Jetzt ist Ihre Meinung gefragt zu *Star Trek Picard mit Vorschau auf Folge 7: Rückkehrer aus The Next Generation *


Spoiler



Der Trailer zur siebten Folge von Star Trek: Picard offenbart, dass sich der Zuschauer auf zwei Hauptdarsteller aus The Next Generation freuen kann. CBS und Amazon hatten bereits vor Monaten mit den Gesichtern von Commander Riker und Counselor Deanna Troi geworben. 

						Bitte beachten Sie: Der Kommentarbereich wird gemäß der Forenregeln moderiert. Allgemeine Fragen und Kritik zu Online-Artikeln von PC Games Hardware sind im Feedback-Unterforum zu veröffentlichen und nicht im Kommentarthread zu einer News. Dort werden sie ohne Nachfragen entfernt.

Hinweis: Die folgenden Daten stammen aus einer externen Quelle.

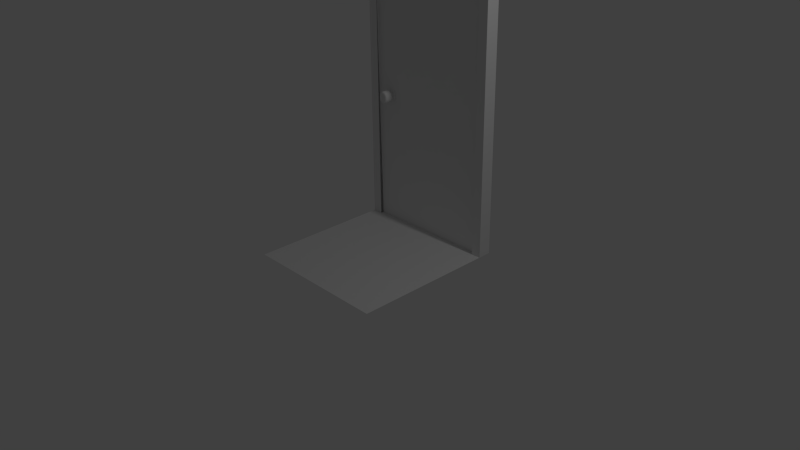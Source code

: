 # Source: floor_wall_door.blend  (saved by Blender 2.74.0; exported with 4.5.12 LTS)
import bpy
from mathutils import Matrix  # noqa: F401  (used for matrix-valued properties, if any)

bpy.ops.wm.read_factory_settings(use_empty=True)
scene = bpy.context.scene
scene.name = 'Scene'

# ---- collections
col_collection_1 = bpy.data.collections.new('Collection 1'); scene.collection.children.link(col_collection_1)
col_collection_2 = bpy.data.collections.new('Collection 2'); scene.collection.children.link(col_collection_2)

# ---- materials (node trees are filled in below, after node groups)
mat_material = bpy.data.materials.new('Material')
mat_material.alpha_threshold = 0.0
mat_material.use_transparent_shadow = False
mat_material.roughness = 0.5
mat_material.line_color = (0.0, 0.0, 0.0, 1.0)
mat_material_001 = bpy.data.materials.new('Material.001')
mat_material_001.alpha_threshold = 0.0
mat_material_001.use_transparent_shadow = False
mat_material_001.roughness = 0.5
mat_material_001.line_color = (0.0, 0.0, 0.0, 1.0)
mat_material_002 = bpy.data.materials.new('Material.002')
mat_material_002.alpha_threshold = 0.0
mat_material_002.use_transparent_shadow = False
mat_material_002.roughness = 0.5
mat_material_002.line_color = (0.0, 0.0, 0.0, 1.0)

# ---- material node trees

# ---- world
world_world = bpy.data.worlds.new('World'); scene.world = world_world
world_world.color = (0.05088, 0.05088, 0.05088)
world_world.use_sun_shadow = False
world_world.sun_shadow_jitter_overblur = 0.0
world_world.cycles.sampling_method = 'MANUAL'
world_world.cycles.sample_map_resolution = 256

# ---- cameras
cam_camera = bpy.data.cameras.new('Camera')
cam_camera.clip_end = 100.0
cam_camera.lens = 35.0
cam_camera.sensor_width = 32.0
cam_camera.sensor_height = 18.0
cam_camera.ortho_scale = 7.314
cam_camera.dof.focus_distance = 0.0
cam_camera.dof.aperture_fstop = 128.0

# ---- lights
light_lamp = bpy.data.lights.new('Lamp', 'POINT')
light_lamp.transmission_factor = 0.0
light_lamp.cutoff_distance = 30.0
light_lamp.energy = 100.0
light_lamp.shadow_buffer_clip_start = 1.001
light_lamp.shadow_soft_size = 0.1
light_lamp.shadow_maximum_resolution = 0.006
light_lamp.use_absolute_resolution = True
light_lamp.cycles.use_multiple_importance_sampling = False

# ---- meshes
me_cube = bpy.data.meshes.new('Cube')
me_cube.from_pydata([(1.0, 1.0, -1.0), (1.0, -1.0, -1.0), (-1.0, -1.0, -1.0), (-1.0, 1.0, -1.0), (1.0, 1.0, 1.0), (1.0, -1.0, 1.0), (-1.0, -1.0, 1.0), (-1.0, 1.0, 1.0)], [], [(0, 1, 2, 3), (4, 7, 6, 5), (0, 4, 5, 1), (1, 5, 6, 2), (2, 6, 7, 3), (4, 0, 3, 7)])
me_cube.materials.append(mat_material)
me_cube.use_remesh_preserve_volume = False
me_cube.use_remesh_preserve_attributes = False
me_cube.use_mirror_vertex_groups = False
me_cube.update()
me_cube_001 = bpy.data.meshes.new('Cube.001')
me_cube_001.from_pydata([(2.235, 1.0, -1.0), (1.0, -1.0, -1.0), (-1.0, -1.0, -1.0), (-2.485, 1.0, -1.0), (2.235, 1.0, 1.0), (2.235, -1.0, 1.0), (-2.485, -1.0, 1.0), (-2.485, 1.0, 1.0), (2.235, -1.0, -1.0), (-2.485, -1.0, -1.0), (2.235, -1.0, 1.0), (-2.485, -1.0, 1.0), (2.235, -1.152, -1.0), (-2.485, -1.152, -1.0), (2.235, -1.152, 1.0), (-2.485, -1.152, 1.0), (2.235, 1.0, 1.087), (2.235, -1.0, 1.087), (-2.485, 1.0, 1.087), (-2.485, -1.0, 1.087), (2.235, 1.152, -1.0), (-2.485, 1.152, -1.0), (2.235, 1.152, 1.0), (-2.485, 1.152, 1.0), (2.235, 1.0, 1.087), (-2.485, 1.0, 1.087), (2.235, 1.152, 1.087), (-2.485, 1.152, 1.087), (2.235, -1.0, 1.087), (-2.485, -1.0, 1.087), (2.235, -1.152, 1.087), (-2.485, -1.152, 1.087)], [], [(7, 6, 19, 18), (5, 6, 11, 10), (4, 22, 26, 24), (11, 15, 31, 29), (6, 2, 9, 11), (1, 5, 10, 8), (2, 1, 8, 9), (12, 14, 15, 13), (11, 9, 13, 15), (8, 10, 14, 12), (9, 8, 12, 13), (16, 18, 19, 17), (6, 5, 17, 19), (5, 4, 16, 17), (22, 20, 21, 23), (3, 7, 23, 21), (4, 0, 20, 22), (0, 3, 21, 20), (25, 24, 26, 27), (23, 7, 25, 27), (22, 23, 27, 26), (7, 4, 24, 25), (28, 29, 31, 30), (14, 10, 28, 30), (15, 14, 30, 31), (10, 11, 29, 28), (10, 8, 9, 11), (3, 0, 4, 7), (11, 7, 4, 10)])
me_cube_001.materials.append(mat_material_001)
me_cube_001.use_remesh_preserve_volume = False
me_cube_001.use_remesh_preserve_attributes = False
me_cube_001.use_mirror_vertex_groups = False
me_cube_001.update()
me_cube_002 = bpy.data.meshes.new('Cube.002')
me_cube_002.from_pydata([(1.0, 1.0, -1.0), (1.0, -1.0, -1.0), (-1.0, -1.0, -1.0), (-1.0, 1.0, -1.0), (1.0, 1.0, 1.0), (-1.0, 1.0, 1.0), (-0.887, 1.0, -1.0), (-0.887, -1.0, -1.0), (-0.887, 1.0, 1.0), (0.9099, 1.0, -1.0), (0.9099, -1.0, -1.0), (0.9099, 1.0, 1.0), (1.0, 1.0, 0.4646), (-1.0, 1.0, 0.4646), (-0.887, 1.0, 0.4646), (0.9099, 1.0, 0.4646), (1.0, 1.0, 2.648), (-1.0, 1.0, 2.648), (-0.887, 1.0, 2.648), (0.9099, 1.0, 2.648), (-1.0, 1.0, 3.0), (0.9099, 1.0, 3.0), (1.0, 1.0, 3.0), (-0.887, 1.0, 3.0)], [], [(6, 3, 2, 7), (14, 13, 3, 6), (11, 4, 16, 19), (9, 6, 7, 10), (0, 9, 10, 1), (12, 15, 9, 0), (4, 11, 15, 12), (8, 5, 13, 14), (5, 8, 18, 17), (19, 16, 22, 21), (18, 19, 21, 23), (17, 18, 23, 20)])
me_cube_002.materials.append(mat_material_002)
me_cube_002.use_remesh_preserve_volume = False
me_cube_002.use_remesh_preserve_attributes = False
me_cube_002.use_mirror_vertex_groups = False
me_cube_002.update()
me_circle = bpy.data.meshes.new('Circle')
me_circle.from_pydata([(0.0, 1.0, 0.0), (-0.1951, 0.9808, 0.0), (-0.3827, 0.9239, 0.0), (-0.5556, 0.8315, 0.0), (-0.7071, 0.7071, 0.0), (-0.8315, 0.5556, 0.0), (-0.9239, 0.3827, 0.0), (-0.9808, 0.1951, 0.0), (-1.0, 7.55e-08, 0.0), (-0.9808, -0.1951, 0.0), (-0.9239, -0.3827, 0.0), (-0.8315, -0.5556, 0.0), (-0.7071, -0.7071, 0.0), (-0.5556, -0.8315, 0.0), (-0.3827, -0.9239, 0.0), (-0.1951, -0.9808, 0.0), (3.258e-07, -1.0, 0.0), (0.1951, -0.9808, 0.0), (0.3827, -0.9239, 0.0), (0.5556, -0.8315, 0.0), (0.7071, -0.7071, 0.0), (0.8315, -0.5556, 0.0), (0.9239, -0.3827, 0.0), (0.9808, -0.1951, 0.0), (1.0, 9.656e-07, 0.0), (0.9808, 0.1951, 0.0), (0.9239, 0.3827, 0.0), (0.8315, 0.5556, 0.0), (0.7071, 0.7071, 0.0), (0.5556, 0.8315, 0.0), (0.3827, 0.9239, 0.0), (0.1951, 0.9808, 0.0), (4.397e-09, 1.0, 0.05824), (-0.1951, 0.9808, 0.05824), (-0.3827, 0.9239, 0.05824), (-0.5556, 0.8315, 0.05824), (-0.7071, 0.7071, 0.05824), (-0.8315, 0.5556, 0.05824), (-0.9239, 0.3827, 0.05824), (-0.9808, 0.1951, 0.05824), (-1.0, 7.55e-08, 0.05824), (-0.9808, -0.1951, 0.05824), (-0.9239, -0.3827, 0.05824), (-0.8315, -0.5556, 0.05824), (-0.7071, -0.7071, 0.05824), (-0.5556, -0.8315, 0.05824), (-0.3827, -0.9239, 0.05824), (-0.1951, -0.9808, 0.05824), (3.302e-07, -1.0, 0.05824), (0.1951, -0.9808, 0.05824), (0.3827, -0.9239, 0.05824), (0.5556, -0.8315, 0.05824), (0.7071, -0.7071, 0.05824), (0.8315, -0.5556, 0.05824), (0.9239, -0.3827, 0.05824), (0.9808, -0.1951, 0.05824), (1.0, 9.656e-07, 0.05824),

			Dieser Inhalt steht nur eingeloggten Mitgliedern zur Verfügung.
        

 Zurück zum Artikel: *Star Trek Picard mit Vorschau auf Folge 7: Rückkehrer aus The Next Generation *


----------



## 3dfx01 (2. März 2020)

*AW: Star Trek Picard mit Vorschau auf Folge 7: Rückkehrer aus The Next Generation [Spoiler]*

Ist das nicht die Küche von James Kirk aus dem Film Treffen der Generationen?



> Kritischen Fans stellt sich die Frage, was die Borg noch davon abhält, mittels "Stargate" andere Spezies ohne großes Aufsehen zu assimilieren.


Ist das jetzt nicht sowieso egal, die Borg sind doch Geschichte, die letzte Folge bei Voyager hat das doch gezeigt.


----------



## RyzA (2. März 2020)

*AW: Star Trek Picard mit Vorschau auf Folge 7: Rückkehrer aus The Next Generation [Spoiler]*



3dfx01 schrieb:


> Ist das jetzt nicht sowieso egal, die Borg sind doch Geschichte, die letzte Folge bei Voyager hat das doch gezeigt.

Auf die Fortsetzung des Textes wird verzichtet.